One of those V.I.P. guests was the fashion designer Donna Karan, a friend of Mrs. Ong's, a follower of the raw food movement and a regular visitor of both Parrot Cay and the Begawan Giri. Her private chef at the time, Jill Pettijohn, based in New York, had a big hand in developing the raw food section of the Parrot Cay menu.
"I started going down there when I was working for Donna," Ms. Pettijohn said in a telephone interview. "She would do the yoga retreats. I would be making food for her, and of course I had to use the kitchen. Everyone was really interested in what I was doing. Eventually I gave them some classes and guided the menu.
"There is that hippie cult crowd," she added, "but there's a bunch of us that are quite normal."
Trying a raw food dish at a luxury resort is, Ms. Pettijohn said, a "kind of bridge into a better lifestyle. You can take this road and go along it, and if it doesn't do anything but make you feel good for a few days, at least you had a taste and know you can go back to it." While Ms. Pettijohn still cooks occasionally for Donna Karan, she now spends much of her time organizing private five-day raw food nutritional cleanses for prominent New Yorkers.
Similar weeklong raw food cleanses and detox retreats have been offered for years at dedicated centers like the Hippocrates Health Institute in West Palm Beach, Fla., but it's only in the last few years that more luxurious versions have begun to crop up. While the rustic rooms at the institute are really only a step up from a youth hostel, the Farm at San Benito, opened at the end of 2002 in the Philippines (632-696-3795; http://www.thefarm.com.ph/), is set on a coconut plantation with thatched-roof villas, elaborate gardens, a pet peacock and a general manager with experience at some of Asia's top hotels.
The Farm's signature wheat grass shots and green drinks, squeezed from organic green vegetables, were served up poolside by friendly waiters at the chic Bali-styled spa with open-air massage areas. A wealthy oilman from Oman, a banker from London and a businesswoman from New York City were just three of that week's dozen guests doing the program. Some will return home and — concerned about raised eyebrows — tell their friends that they were winding down at a deluxe resort. Others, like the oilman, however, had heard about the Farm from a business colleague convert who had done the retreat in an effort to help a recovery from prostate cancer. The seven-day "medical vacation" starts at $1,231.20 a person for two sharing a room.

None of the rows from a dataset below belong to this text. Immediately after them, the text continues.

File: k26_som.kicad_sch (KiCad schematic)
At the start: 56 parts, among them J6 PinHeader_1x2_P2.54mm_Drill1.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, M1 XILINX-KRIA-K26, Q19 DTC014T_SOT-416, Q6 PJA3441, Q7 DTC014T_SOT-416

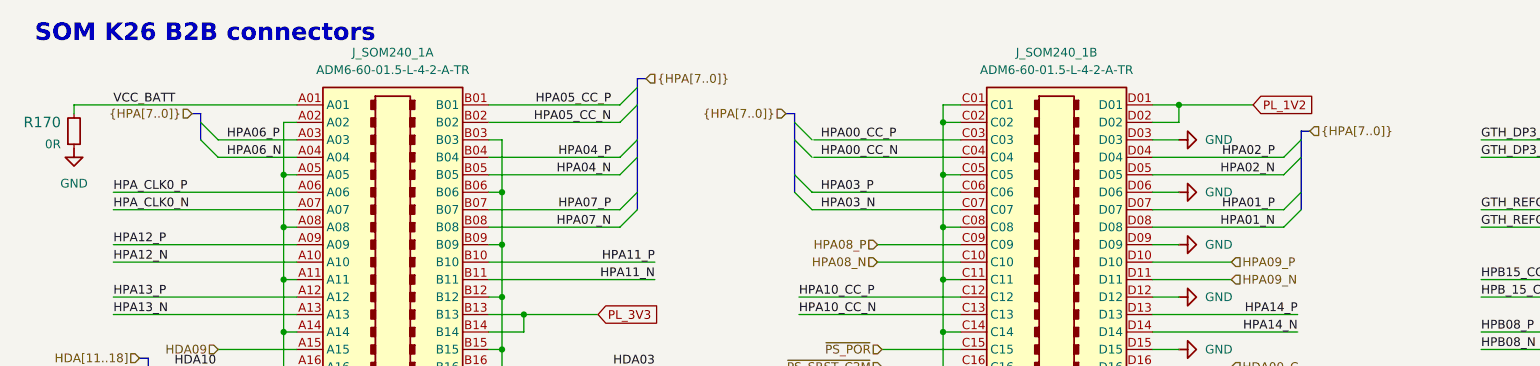
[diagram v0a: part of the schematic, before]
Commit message: Finished first set of LVDS signals
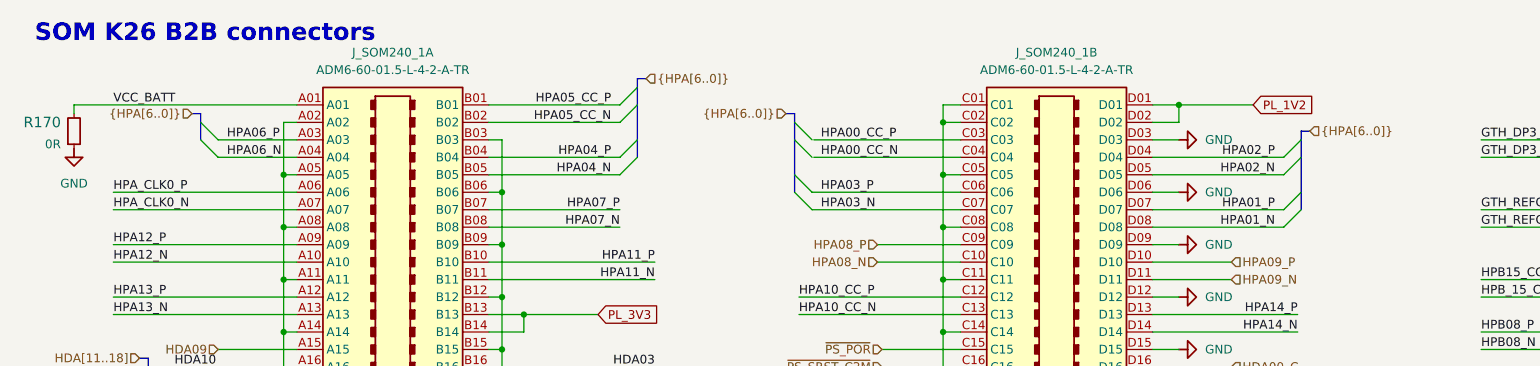
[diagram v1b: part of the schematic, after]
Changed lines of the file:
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@@
 	)
 	(bus_entry
-		(at 101.6 38.1)
-		(size -2.54 2.54)
-		(stroke
-			(width 0)
-			(type default)
-		)
-	)
-	(bus_entry
 		(at 194.31 134.62)
 		(size 2.54 -2.54)
@@
 	)
 	(bus_entry
-		(at 99.06 43.18)
-		(size 2.54 -2.54)
-		(stroke
-			(width 0)
-			(type default)
-		)
-	)
-	(bus_entry
 		(at 129.54 101.6)
 		(size -2.54 -2.54)
@@
 		)
 	)
-	(bus
-		(pts
-			(xy 101.6 30.48) (xy 101.6 33.02)
-		)
-		(stroke
-			(width 0)
-			(type default)
-		)
-	)
 	(wire
 		(pts
@@
 		)
 	)
+	(bus
+		(pts
+			(xy 101.6 30.48) (xy 101.6 33.02)
+		)
+		(stroke
+			(width 0)
+			(type default)
+		)
+	)
 	(wire
 		(pts
@@
 		)
 	)
-	(bus
-		(pts
-			(xy 101.6 38.1) (xy 101.6 40.64)
-		)
-		(stroke
-			(width 0)
-			(type default)
-		)
-	)
 	(wire
 		(pts
@@
 		)
 	)
-	(bus
-		(pts
-			(xy 101.6 33.02) (xy 101.6 38.1)
-		)
-		(stroke
-			(width 0)
-			(type default)
-		)
-	)
 	(wire
 		(pts
@@
 	)
 	(label "HPA07_N"
-		(at 97.79 43.18 180)
+		(at 99.06 43.18 180)
 		(effects
 			(font
@@
 	)
 	(label "HPA07_P"
-		(at 97.79 40.64 180)
+		(at 99.06 40.64 180)
 		(effects
 			(font
@@
 		)
 	)
-	(hierarchical_label "{HPA[7..0]}"
+	(hierarchical_label "{HPA[6..0]}"
 		(shape input)
 		(at 102.87 21.59 0)
@@
 		)
 	)
-	(hierarchical_label "{HPA[7..0]}"
+	(hierarchical_label "{HPA[6..0]}"
 		(shape input)
 		(at 199.39 29.21 0)
@@
 		)
 	)
-	(hierarchical_label "{HPA[7..0]}"
+	(hierarchical_label "{HPA[6..0]}"
 		(shape input)
 		(at 123.19 26.67 180)
@@
 		)
 	)
-	(hierarchical_label "{HPA[7..0]}"
+	(hierarchical_label "{HPA[6..0]}"
 		(shape input)
 		(at 36.83 26.67 180)

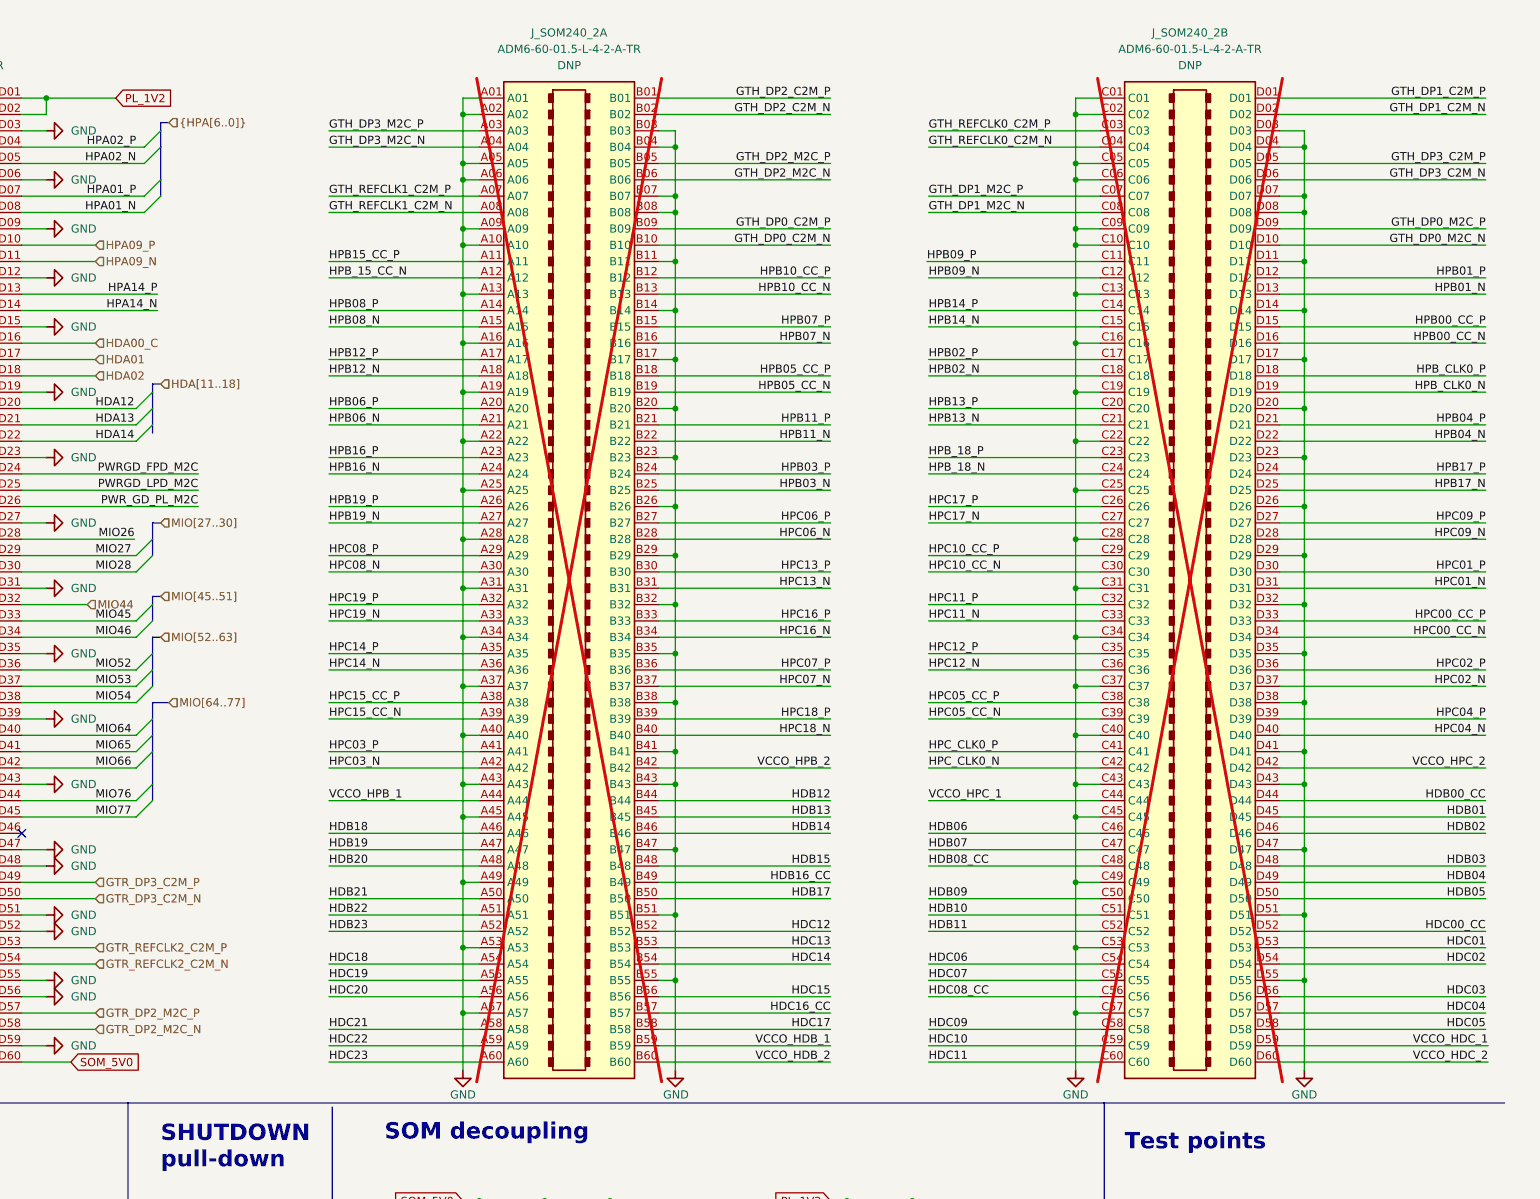
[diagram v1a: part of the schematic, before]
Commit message: Added second radar board connector, but haven't routed LVDS lines yet
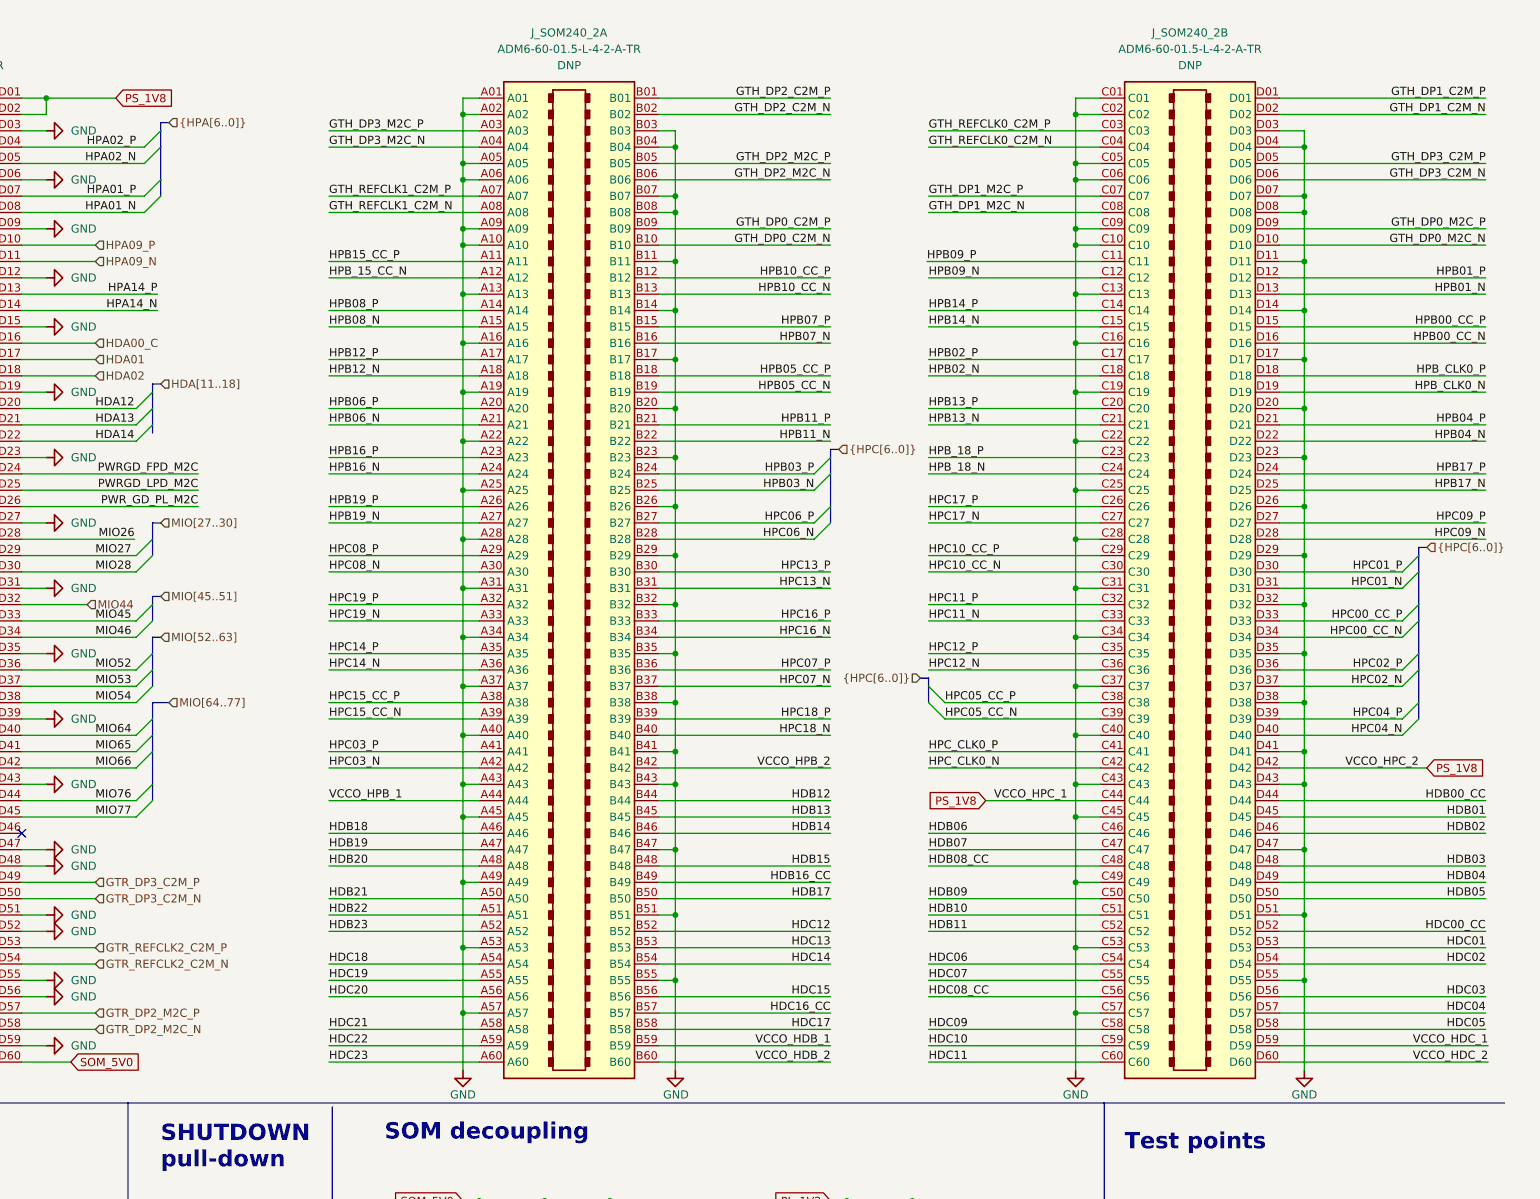
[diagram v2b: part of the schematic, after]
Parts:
- J_SOM240_2: now fitted
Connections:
- net VCCO_HPC_2 is gone; now on net PS_1V8: J_SOM240_2.D42
- net PL_1V2: no longer J_SOM240_1.D01, J_SOM240_1.D02
- net VCCO_HPC_1 renamed PS_1V8
- net PS_1V8: now also J_SOM240_1.D01, J_SOM240_1.D02

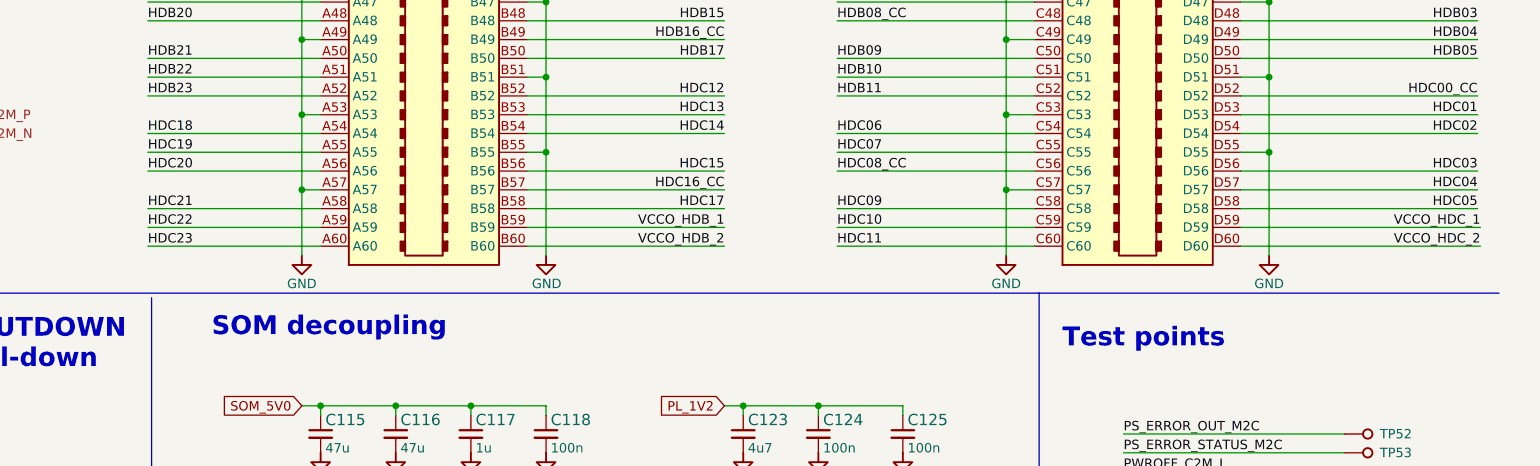
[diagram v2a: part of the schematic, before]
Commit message: Added second CAN interface, but haven't routed yet
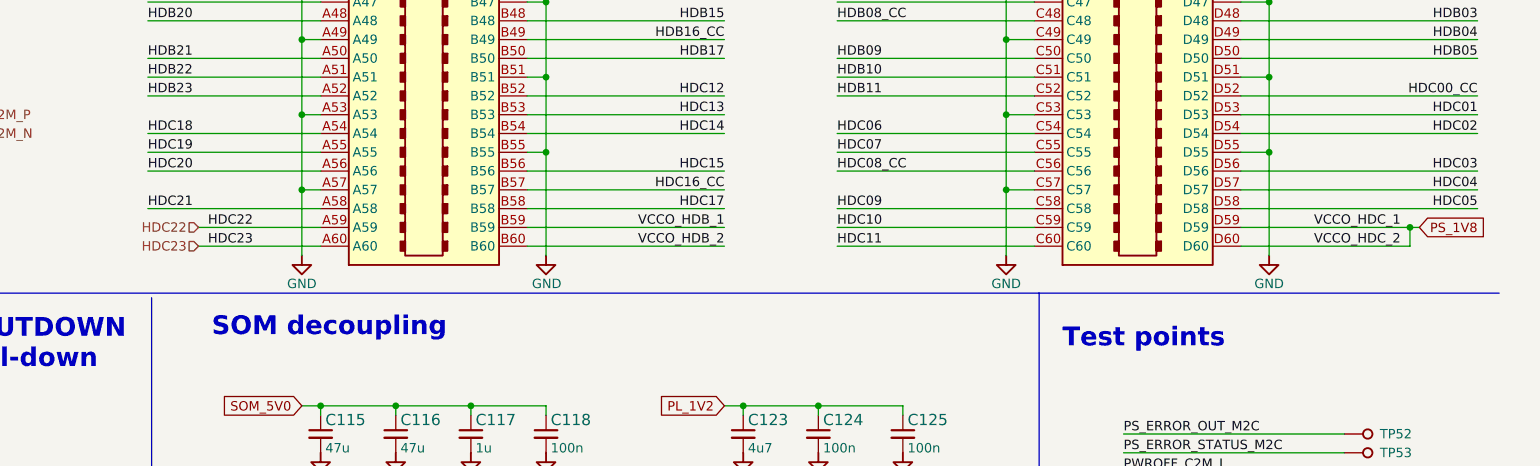
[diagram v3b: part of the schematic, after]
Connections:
- net VCCO_HDC_1 is gone; now on net PS_1V8: J_SOM240_2.D59
- net VCCO_HDC_2 is gone; now on net PS_1V8: J_SOM240_2.D60
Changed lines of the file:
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@@
 	)
 	(junction
+		(at 394.97 172.72)
+		(diameter 0)
+		(color 0 0 0 0)
+	)
+	(junction
 		(at 278.13 33.02)
 		(diameter 0)
@@
 	(wire
 		(pts
+			(xy 231.14 172.72) (xy 247.65 172.72)
+		)
+		(stroke
+			(width 0)
+			(type default)
+		)
+	)
+	(wire
+		(pts
 			(xy 372.11 50.8) (xy 375.92 50.8)
 		)
@@
 	(wire
 		(pts
-			(xy 224.282 172.72) (xy 247.65 172.72)
-		)
-		(stroke
-			(width 0)
-			(type default)
-		)
-	)
-	(wire
-		(pts
 			(xy 372.11 121.92) (xy 391.16 121.92)
 		)
@@
 	(wire
 		(pts
-			(xy 372.11 175.26) (xy 404.495 175.26)
+			(xy 372.11 175.26) (xy 394.97 175.26)
 		)
 		(stroke
@@
 	(wire
 		(pts
-			(xy 224.282 175.26) (xy 247.65 175.26)
+			(xy 231.14 175.26) (xy 247.65 175.26)
 		)
 		(stroke
@@
 	(wire
 		(pts
+			(xy 394.97 172.72) (xy 394.97 175.26)
+		)
+		(stroke
+			(width 0)
+			(type default)
+		)
+	)
+	(wire
+		(pts
 			(xy 317.5 142.24) (xy 344.17 142.24)
 		)
@@
 	(wire
 		(pts
-			(xy 372.11 172.72) (xy 404.495 172.72)
+			(xy 372.11 172.72) (xy 394.97 172.72)
 		)
 		(stroke
@@
 		)
 	)
+	(wire
+		(pts
+			(xy 394.97 172.72) (xy 396.24 172.72)
+		)
+		(stroke
+			(width 0)
+			(type default)
+		)
+	)
 	(polyline
 		(pts
@@
 	)
 	(label "HDC23"
-		(at 224.282 175.26 0)
+		(at 232.41 175.26 0)
 		(effects
 			(font
@@
 	)
 	(label "VCCO_HDC_1"
-		(at 404.495 172.72 180)
+		(at 393.7 172.72 180)
 		(effects
 			(font
@@
 	)
 	(label "VCCO_HDC_2"
-		(at 404.495 175.26 180)
+		(at 393.7 175.26 180)
 		(effects
 			(font
@@
 	)
 	(label "HDC22"
-		(at 224.282 172.72 0)
+		(at 232.41 172.72 0)
 		(effects
 			(font
@@
 		)
 	)
+	(global_label "PS_1V8"
+		(shape input)
+		(at 396.24 172.72 0)
+		(fields_autoplaced yes)
+		(effects
+			(font
+				(size 1.27 1.27)
+			)
+			(justify left)
+		)
+		(property "Intersheetrefs" "${INTERSHEET_REFS}"
+			(at 405.5257 172.72 0)
+			(effects
+				(font
+					(size 1.27 1.27)
+				)
+				(justify left)
+				(hide yes)
+			)
+		)
+	)
 	(global_label "USB_5V"
 		(shape input)
@@
 		)
 	)
+	(hierarchical_label "HDC22"
+		(shape input)
+		(at 231.14 172.72 180)
+		(effects
+			(font
+				(size 1.27 1.27)
+			)
+			(justify right)
+		)
+	)
 	(hierarchical_label "HDA01"
 		(shape input)
@@
 		)
 	)
+	(hierarchical_label "HDC23"
+		(shape input)
+		(at 231.14 175.26 180)
+		(effects
+			(font
+				(size 1.27 1.27)
+			)
+			(justify right)
+		)
+	)

Tthe Complete Retreat (44-207-689-0030; http://www.thecompleteretreat.com/), also in its fourth year, is a raw food retreat in a white villa about 45 miles northwest of Marbella, Spain. The head of the program, Lisa Jeans, also has retreats in England, and early next year will hold one on St. Barts. Here in Spain one might meet heiresses and accomplished businessmen and women over green juices, morning yoga classes, hikes in the hills and raw food meals that might include cold curried carrot soup, raw food "sushi" and a sorbet made only from frozen bananas. An all-inclusive week starts at £1,350 ($2,416 at $1.79 to the pound), double occupancy.
The guests here talk about babies, compare travels to exotic locales and check out one another's skin in hope of that mythical "raw food glow." It's more of a clique than a cult, and these raw foodists definitely prefer designer jeans to dream catchers.